Unnamed: 0,Review #,Brand,Variety,Style,Country,Stars
2756,644,Sura,Knife Cut Rice Noodle,Bowl,South Korea,3.75
285,3115,Suraj,Masala Noodles,Pack,Canada,2.0


Sura and Suraj are two different brands.

In [28]:
ramen.loc[(ramen['Brand'] == 'Ped Chef') | (ramen['Brand'] == 'Red Chef')].sort_values(['Brand'])

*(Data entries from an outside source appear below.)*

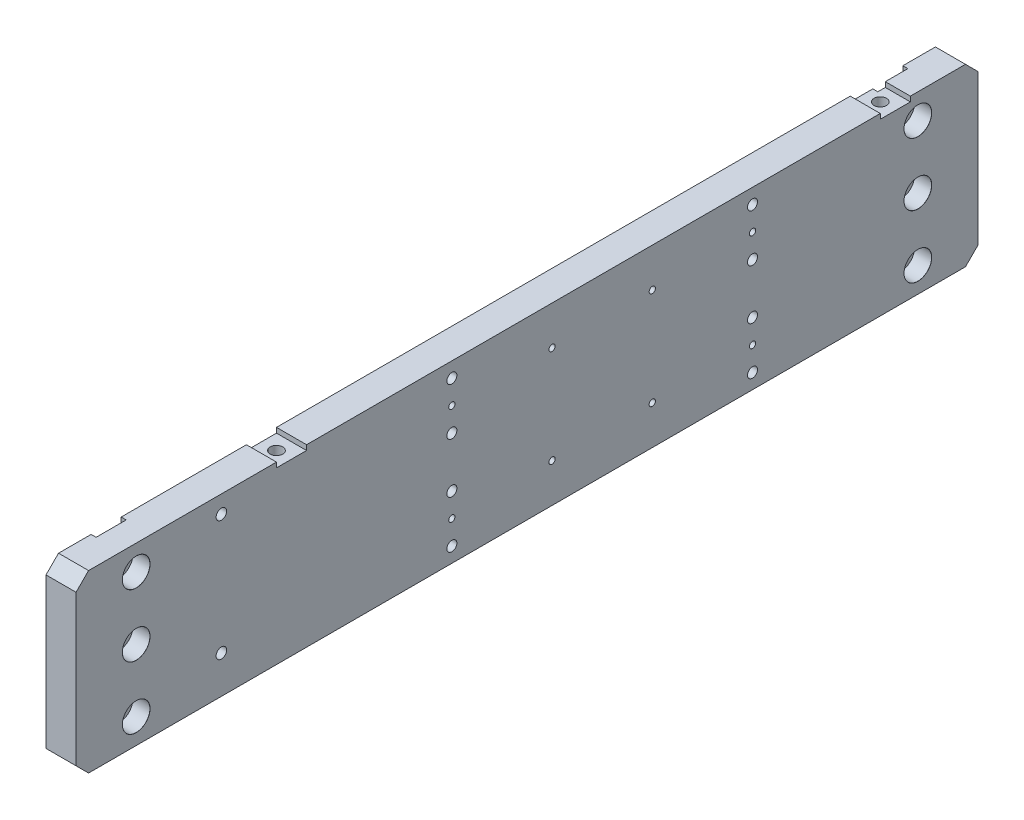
ISO-10303-21;
HEADER;
FILE_DESCRIPTION(('STEP AP214'),'2;1');
FILE_NAME('part.step','',(''),(''),'','','');
FILE_SCHEMA(('AUTOMOTIVE_DESIGN { 1 0 10303 214 1 1 1 1 }'));
ENDSEC;
DATA;
#1=APPLICATION_CONTEXT('core data for automotive mechanical design processes');
#2=APPLICATION_PROTOCOL_DEFINITION('international standard','automotive_design',2000,#1);
#3=PRODUCT_CONTEXT('',#1,'mechanical');
#4=PRODUCT('Part','Part','',(#3));
#5=PRODUCT_RELATED_PRODUCT_CATEGORY('part','',(#4));
#6=PRODUCT_DEFINITION_FORMATION('','',#4);
#7=PRODUCT_DEFINITION_CONTEXT('part definition',#1,'design');
#8=PRODUCT_DEFINITION('design','',#6,#7);
#9=PRODUCT_DEFINITION_SHAPE('','',#8);
#10=(LENGTH_UNIT() NAMED_UNIT(*) SI_UNIT(.MILLI.,.METRE.));
#11=(NAMED_UNIT(*) PLANE_ANGLE_UNIT() SI_UNIT($,.RADIAN.));
#12=(NAMED_UNIT(*) SI_UNIT($,.STERADIAN.) SOLID_ANGLE_UNIT());
#13=UNCERTAINTY_MEASURE_WITH_UNIT(LENGTH_MEASURE(1.E-05),#10,'distance_accuracy_value','');
#14=(GEOMETRIC_REPRESENTATION_CONTEXT(3) GLOBAL_UNCERTAINTY_ASSIGNED_CONTEXT((#13)) GLOBAL_UNIT_ASSIGNED_CONTEXT((#10,
#11,#12)) REPRESENTATION_CONTEXT('',''));
#15=CARTESIAN_POINT('',(0.,0.,0.));
#16=DIRECTION('',(0.,0.,1.));
#17=DIRECTION('',(1.,0.,0.));
#18=AXIS2_PLACEMENT_3D('',#15,#16,#17);
#19=CARTESIAN_POINT('',(159.801480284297,117.852870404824,-360.));
#20=DIRECTION('',(0.,1.,0.));
#21=DIRECTION('',(0.,0.,1.));
#22=AXIS2_PLACEMENT_3D('',#19,#20,#21);
#23=PLANE('',#22);
#24=DIRECTION('',(-1.,0.,0.));
#25=VECTOR('',#24,1.);
#26=CARTESIAN_POINT('',(171.801480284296,117.852870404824,-321.));
#27=LINE('',#26,#25);
#28=CARTESIAN_POINT('',(171.801480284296,117.852870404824,-321.));
#29=VERTEX_POINT('',#28);
#30=CARTESIAN_POINT('',(159.801480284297,117.852870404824,-321.));
#31=VERTEX_POINT('',#30);
#32=EDGE_CURVE('E217',#29,#31,#27,.T.);
#33=ORIENTED_EDGE('',*,*,#32,.T.);
#34=DIRECTION('',(0.,0.,1.));
#35=VECTOR('',#34,1.);
#36=CARTESIAN_POINT('',(159.801480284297,117.852870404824,-360.));
#37=LINE('',#36,#35);
#38=CARTESIAN_POINT('',(159.801480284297,117.852870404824,-92.));
#39=VERTEX_POINT('',#38);
#40=EDGE_CURVE('E466',#31,#39,#37,.T.);
#41=ORIENTED_EDGE('',*,*,#40,.T.);
#42=DIRECTION('',(-1.,0.,0.));
#43=VECTOR('',#42,1.);
#44=CARTESIAN_POINT('',(171.801480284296,117.852870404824,-92.));
#45=LINE('',#44,#43);
#46=CARTESIAN_POINT('',(171.801480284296,117.852870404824,-92.));
#47=VERTEX_POINT('',#46);
#48=EDGE_CURVE('E256',#47,#39,#45,.T.);
#49=ORIENTED_EDGE('',*,*,#48,.F.);
#50=DIRECTION('',(0.,0.,1.));
#51=VECTOR('',#50,1.);
#52=CARTESIAN_POINT('',(171.801480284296,117.852870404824,-360.));
#53=LINE('',#52,#51);
#54=EDGE_CURVE('E470',#29,#47,#53,.T.);
#55=ORIENTED_EDGE('',*,*,#54,.F.);
#56=EDGE_LOOP('',(#33,#41,#49,#55));
#57=FACE_BOUND('',#56,.T.);
#58=ADVANCED_FACE('F16',(#57),#23,.T.);
#59=CARTESIAN_POINT('',(159.801480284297,117.852870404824,-18.));
#60=VERTEX_POINT('',#59);
#61=CARTESIAN_POINT('',(159.801480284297,117.852870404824,-5.00000000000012));
#62=VERTEX_POINT('',#61);
#63=EDGE_CURVE('E467',#60,#62,#37,.T.);
#64=ORIENTED_EDGE('',*,*,#63,.T.);
#65=DIRECTION('',(1.,0.,0.));
#66=VECTOR('',#65,1.);
#67=CARTESIAN_POINT('',(171.801480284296,117.852870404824,-5.));
#68=LINE('',#67,#66);
#69=CARTESIAN_POINT('',(171.801480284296,117.852870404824,-5.));
#70=VERTEX_POINT('',#69);
#71=EDGE_CURVE('E506',#62,#70,#68,.T.);
#72=ORIENTED_EDGE('',*,*,#71,.T.);
#73=CARTESIAN_POINT('',(171.801480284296,117.852870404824,-80.));
#74=VERTEX_POINT('',#73);
#75=EDGE_CURVE('E471',#74,#70,#53,.T.);
#76=ORIENTED_EDGE('',*,*,#75,.F.);
#77=DIRECTION('',(-1.,0.,0.));
#78=VECTOR('',#77,1.);
#79=CARTESIAN_POINT('',(171.801480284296,117.852870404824,-80.));
#80=LINE('',#79,#78);
#81=CARTESIAN_POINT('',(159.801480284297,117.852870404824,-80.));
#82=VERTEX_POINT('',#81);
#83=EDGE_CURVE('E244',#74,#82,#80,.T.);
#84=ORIENTED_EDGE('',*,*,#83,.T.);
#85=CARTESIAN_POINT('',(159.801480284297,117.852870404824,-30.));
#86=VERTEX_POINT('',#85);
#87=EDGE_CURVE('E582',#82,#86,#37,.T.);
#88=ORIENTED_EDGE('',*,*,#87,.T.);
#89=DIRECTION('',(-1.,0.,0.));
#90=VECTOR('',#89,1.);
#91=CARTESIAN_POINT('',(159.801480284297,117.852870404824,-30.));
#92=LINE('',#91,#90);
#93=CARTESIAN_POINT('',(161.801480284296,117.852870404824,-30.));
#94=VERTEX_POINT('',#93);
#95=EDGE_CURVE('E429',#94,#86,#92,.T.);
#96=ORIENTED_EDGE('',*,*,#95,.F.);
#97=DIRECTION('',(0.,0.,-1.));
#98=VECTOR('',#97,1.);
#99=CARTESIAN_POINT('',(161.801480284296,117.852870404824,-18.));
#100=LINE('',#99,#98);
#101=CARTESIAN_POINT('',(161.801480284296,117.852870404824,-18.));
#102=VERTEX_POINT('',#101);
#103=EDGE_CURVE('E438',#102,#94,#100,.T.);
#104=ORIENTED_EDGE('',*,*,#103,.F.);
#105=DIRECTION('',(1.,0.,0.));
#106=VECTOR('',#105,1.);
#107=CARTESIAN_POINT('',(159.801480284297,117.852870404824,-18.));
#108=LINE('',#107,#106);
#109=EDGE_CURVE('E416',#60,#102,#108,.T.);
#110=ORIENTED_EDGE('',*,*,#109,.F.);
#111=EDGE_LOOP('',(#64,#72,#76,#84,#88,#96,#104,#110));
#112=FACE_BOUND('',#111,.T.);
#113=ADVANCED_FACE('F580',(#112),#23,.T.);
#114=CARTESIAN_POINT('',(159.801480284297,47.8528704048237,-360.));
#115=DIRECTION('',(-1.,0.,0.));
#116=DIRECTION('',(0.,0.,1.));
#117=AXIS2_PLACEMENT_3D('',#114,#115,#116);
#118=PLANE('',#117);
#119=DIRECTION('',(0.,-1.,0.));
#120=VECTOR('',#119,1.);
#121=CARTESIAN_POINT('',(159.801480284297,47.8528704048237,-360.));
#122=LINE('',#121,#120);
#123=CARTESIAN_POINT('',(159.801480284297,112.852870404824,-360.));
#124=VERTEX_POINT('',#123);
#125=CARTESIAN_POINT('',(159.801480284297,52.8528704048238,-360.));
#126=VERTEX_POINT('',#125);
#127=EDGE_CURVE('E452',#124,#126,#122,.T.);
#128=ORIENTED_EDGE('',*,*,#127,.T.);
#129=DIRECTION('',(0.,0.707106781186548,-0.707106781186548));
#130=VECTOR('',#129,1.);
#131=CARTESIAN_POINT('',(159.801480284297,50.3528704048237,-357.5));
#132=LINE('',#131,#130);
#133=CARTESIAN_POINT('',(159.801480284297,47.8528704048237,-355.));
#134=VERTEX_POINT('',#133);
#135=EDGE_CURVE('E24',#126,#134,#132,.F.);
#136=ORIENTED_EDGE('',*,*,#135,.T.);
#137=DIRECTION('',(0.,0.,1.));
#138=VECTOR('',#137,1.);
#139=CARTESIAN_POINT('',(159.801480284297,47.8528704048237,-360.));
#140=LINE('',#139,#138);
#141=CARTESIAN_POINT('',(159.801480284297,47.8528704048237,-342.));
#142=VERTEX_POINT('',#141);
#143=EDGE_CURVE('E475',#134,#142,#140,.T.);
#144=ORIENTED_EDGE('',*,*,#143,.T.);
#145=DIRECTION('',(0.,1.,0.));
#146=VECTOR('',#145,1.);
#147=CARTESIAN_POINT('',(159.801480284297,47.8528704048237,-342.));
#148=LINE('',#147,#146);
#149=CARTESIAN_POINT('',(159.801480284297,117.852870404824,-342.));
#150=VERTEX_POINT('',#149);
#151=EDGE_CURVE('E413',#142,#150,#148,.T.);
#152=ORIENTED_EDGE('',*,*,#151,.T.);
#153=CARTESIAN_POINT('',(159.801480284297,117.852870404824,-355.));
#154=VERTEX_POINT('',#153);
#155=EDGE_CURVE('E463',#154,#150,#37,.T.);
#156=ORIENTED_EDGE('',*,*,#155,.F.);
#157=DIRECTION('',(0.,0.707106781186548,0.707106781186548));
#158=VECTOR('',#157,1.);
#159=CARTESIAN_POINT('',(159.801480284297,80.3528704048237,-392.5));
#160=LINE('',#159,#158);
#161=EDGE_CURVE('E31',#154,#124,#160,.F.);
#162=ORIENTED_EDGE('',*,*,#161,.T.);
#163=EDGE_LOOP('',(#128,#136,#144,#152,#156,#162));
#164=FACE_BOUND('',#163,.T.);
#165=ADVANCED_FACE('F514',(#164),#118,.T.);
#166=CARTESIAN_POINT('',(159.801480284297,72.8528704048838,-150.));
#167=DIRECTION('',(1.,0.,0.));
#168=DIRECTION('',(0.,0.,-1.));
#169=AXIS2_PLACEMENT_3D('',#166,#167,#168);
#170=CIRCLE('',#169,2.);
#171=CARTESIAN_POINT('',(159.801480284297,72.8528704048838,-152.));
#172=VERTEX_POINT('',#171);
#173=EDGE_CURVE('E1402',#172,#172,#170,.T.);
#174=ORIENTED_EDGE('',*,*,#173,.T.);
#175=EDGE_LOOP('',(#174));
#176=FACE_BOUND('',#175,.T.);
#177=CARTESIAN_POINT('',(159.801480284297,53.8528704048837,-150.));
#178=DIRECTION('',(1.,0.,0.));
#179=DIRECTION('',(0.,0.,-1.));
#180=AXIS2_PLACEMENT_3D('',#177,#178,#179);
#181=CIRCLE('',#180,2.);
#182=CARTESIAN_POINT('',(159.801480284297,53.8528704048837,-152.));
#183=VERTEX_POINT('',#182);
#184=EDGE_CURVE('E1412',#183,#183,#181,.T.);
#185=ORIENTED_EDGE('',*,*,#184,.T.);
#186=EDGE_LOOP('',(#185));
#187=FACE_BOUND('',#186,.T.);
#188=CARTESIAN_POINT('',(159.801480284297,92.8528704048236,-150.));
#189=DIRECTION('',(1.,0.,0.));
#190=DIRECTION('',(0.,0.,-1.));
#191=AXIS2_PLACEMENT_3D('',#188,#189,#190);
#192=CIRCLE('',#191,2.);
#193=CARTESIAN_POINT('',(159.801480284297,92.8528704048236,-152.));
#194=VERTEX_POINT('',#193);
#195=EDGE_CURVE('E1418',#194,#194,#192,.T.);
#196=ORIENTED_EDGE('',*,*,#195,.T.);
#197=EDGE_LOOP('',(#196));
#198=FACE_BOUND('',#197,.T.);
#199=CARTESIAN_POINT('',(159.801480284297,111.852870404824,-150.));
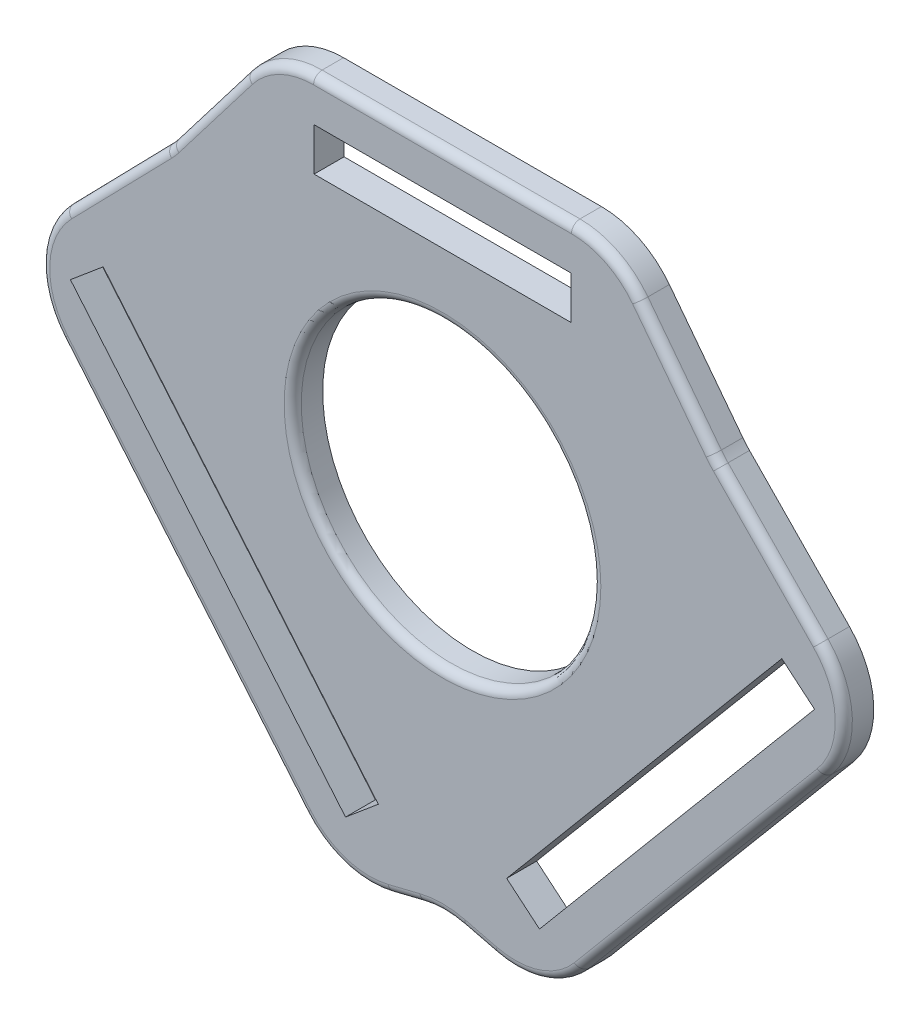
from build123d import *

# Parameters (mm, degrees)
AUFSATZ_LINEAR_AUSTRAGEN1_DEPTH = 3.5
SKIZZE1_3_W                     = 30
SKIZZE1_3_H                     = 5
SKIZZE1_3_R                     = 17.5
SCHNITT_LINEAR_AUSTRAGEN1_DEPTH = 8.5
VERRUNDUNG2_R                   = 1


with BuildPart() as part:
    # Skizze1 → Aufsatz-Linear austragen1 (new body)
    with BuildSketch(Plane.XY):
        with BuildLine():
            Line((-2.394714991, -7.590651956), (-6.113226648, -8.507815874))
            ThreePointArc((-6.113226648, -8.507815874), (-11.6101144, -8.305438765), (-16.16838607, -5.226658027))
            Line((-16.16838607, -5.226658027), (-44.544673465, 28.59088442))
            ThreePointArc((-44.544673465, 28.59088442), (-46.87724317, 35.392482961), (-44.043162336, 42.000857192))
            Line((-44.043162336, 42.000857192), (-32.362671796, 53.977181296))
            ThreePointArc((-32.362671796, 53.977181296), (-31.959362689, 54.416152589), (-31.582926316, 54.878375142))
            Line((-31.582926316, 54.878375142), (-23.001966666, 66.080902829))
            ThreePointArc((-23.001966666, 66.080902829), (-19.48996676, 68.966856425), (-15.063287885, 70))
            Line((-15.063287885, 70), (15.063287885, 70))
            ThreePointArc((15.063287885, 70), (19.48996676, 68.966856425), (23.001966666, 66.080902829))
            Line((23.001966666, 66.080902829), (31.582926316, 54.878375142))
            ThreePointArc((31.582926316, 54.878375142), (31.959362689, 54.416152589), (32.362671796, 53.977181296))
            Line((32.362671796, 53.977181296), (44.043162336, 42.000857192))
            ThreePointArc((44.043162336, 42.000857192), (46.87724317, 35.392482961), (44.544673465, 28.59088442))
            Line((44.544673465, 28.59088442), (16.16838607, -5.226658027))
            ThreePointArc((16.16838607, -5.226658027), (11.6101144, -8.305438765), (6.113226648, -8.507815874))
            Line((6.113226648, -8.507815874), (2.394714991, -7.590651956))
            ThreePointArc((2.394714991, -7.590651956), (0, -7.299685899), (-2.394714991, -7.590651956))
        make_face()
    extrude(amount=AUFSATZ_LINEAR_AUSTRAGEN1_DEPTH)

    # Skizze1_3 → Schnitt-Linear austragen1 (cut)
    with BuildSketch(Plane.XY):
        Polygon((-39.639380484, 38.302222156), (-43.4696027, 35.088284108), (-11.330222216, -3.213938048), (-7.5, 0), align=None)
        with Locations((0, 62.5)):
            Rectangle(SKIZZE1_3_W, SKIZZE1_3_H)
        Polygon((7.5, 0), (11.330222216, -3.213938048), (43.4696027, 35.088284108), (39.639380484, 38.302222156), align=None)
        with Locations((0, 35.018760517)):
            Circle(SKIZZE1_3_R)
    extrude(amount=SCHNITT_LINEAR_AUSTRAGEN1_DEPTH, mode=Mode.SUBTRACT)

    # Verrundung2
    verrundung2_edges = [part.edges().sort_by_distance(p)[0] for p in [
        (-11.6101144, -8.305438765, 3.5),
        (-4.25397082, -8.049233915, 3.5),
        (0, -7.299685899, 3.5),
        (4.25397082, -8.049233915, 3.5),
        (11.6101144, -8.305438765, 3.5),
        (30.356529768, 11.682113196, 3.5),
        (46.87724317, 35.392482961, 3.5),
        (38.202917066, 47.989019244, 3.5),
        (31.959362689, 54.416152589, 3.5),
        (27.292446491, 60.479638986, 3.5),
        (-46.87724317, 35.392482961, 3.5),
        (19.48996676, 68.966856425, 3.5),
        (0, 70, 3.5),
        (-19.48996676, 68.966856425, 3.5),
        (-27.292446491, 60.479638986, 3.5),
        (-31.959362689, 54.416152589, 3.5),
        (-38.202917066, 47.989019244, 3.5),
        (-30.356529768, 11.682113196, 3.5),
        (-17.5, 35.018760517, 3.5),
    ]]
    fillet(verrundung2_edges, radius=VERRUNDUNG2_R)


solid = part.part

Unnamed: 0,Review #,Brand,Variety,Style,Country,Stars
637,2763,Ped Chef,Sesame Clear Soup Noodles,Pack,Malaysia,3.5
164,3236,Red Chef,Spicy Sakura Prawn Soup Rice Vermicelli & Noodles,Pack,Malaysia,5.0
198,3202,Red Chef,Pandan White Curry Noodle (New Recipe),Pack,Malaysia,5.0
638,2762,Red Chef,Pandan White Curry Noodles,Pack,Malaysia,5.0
639,2761,Red Chef,Green Tom Yum Soup Noodles,Pack,Malaysia,5.0
640,2760,Red Chef,Spicy Sakura Prawn Soup Noodles,Pack,Malaysia,5.0


Here, we only have one record of the Ped Chef brand, and we also see a pattern in its variety name in comparison to Red Chef brand. I'm pretty sure it should be Red Chef brand.

We can continue to check other pairs by the same method. From the threshold of 84% and below, we can ignore some pairs which are obviously different or we can make a quick check as above. To get more matches beyond the token sort ratio scorer result, we can apply the token set ratio, but all the mistyped names with scores of 95% and above should be replaced first.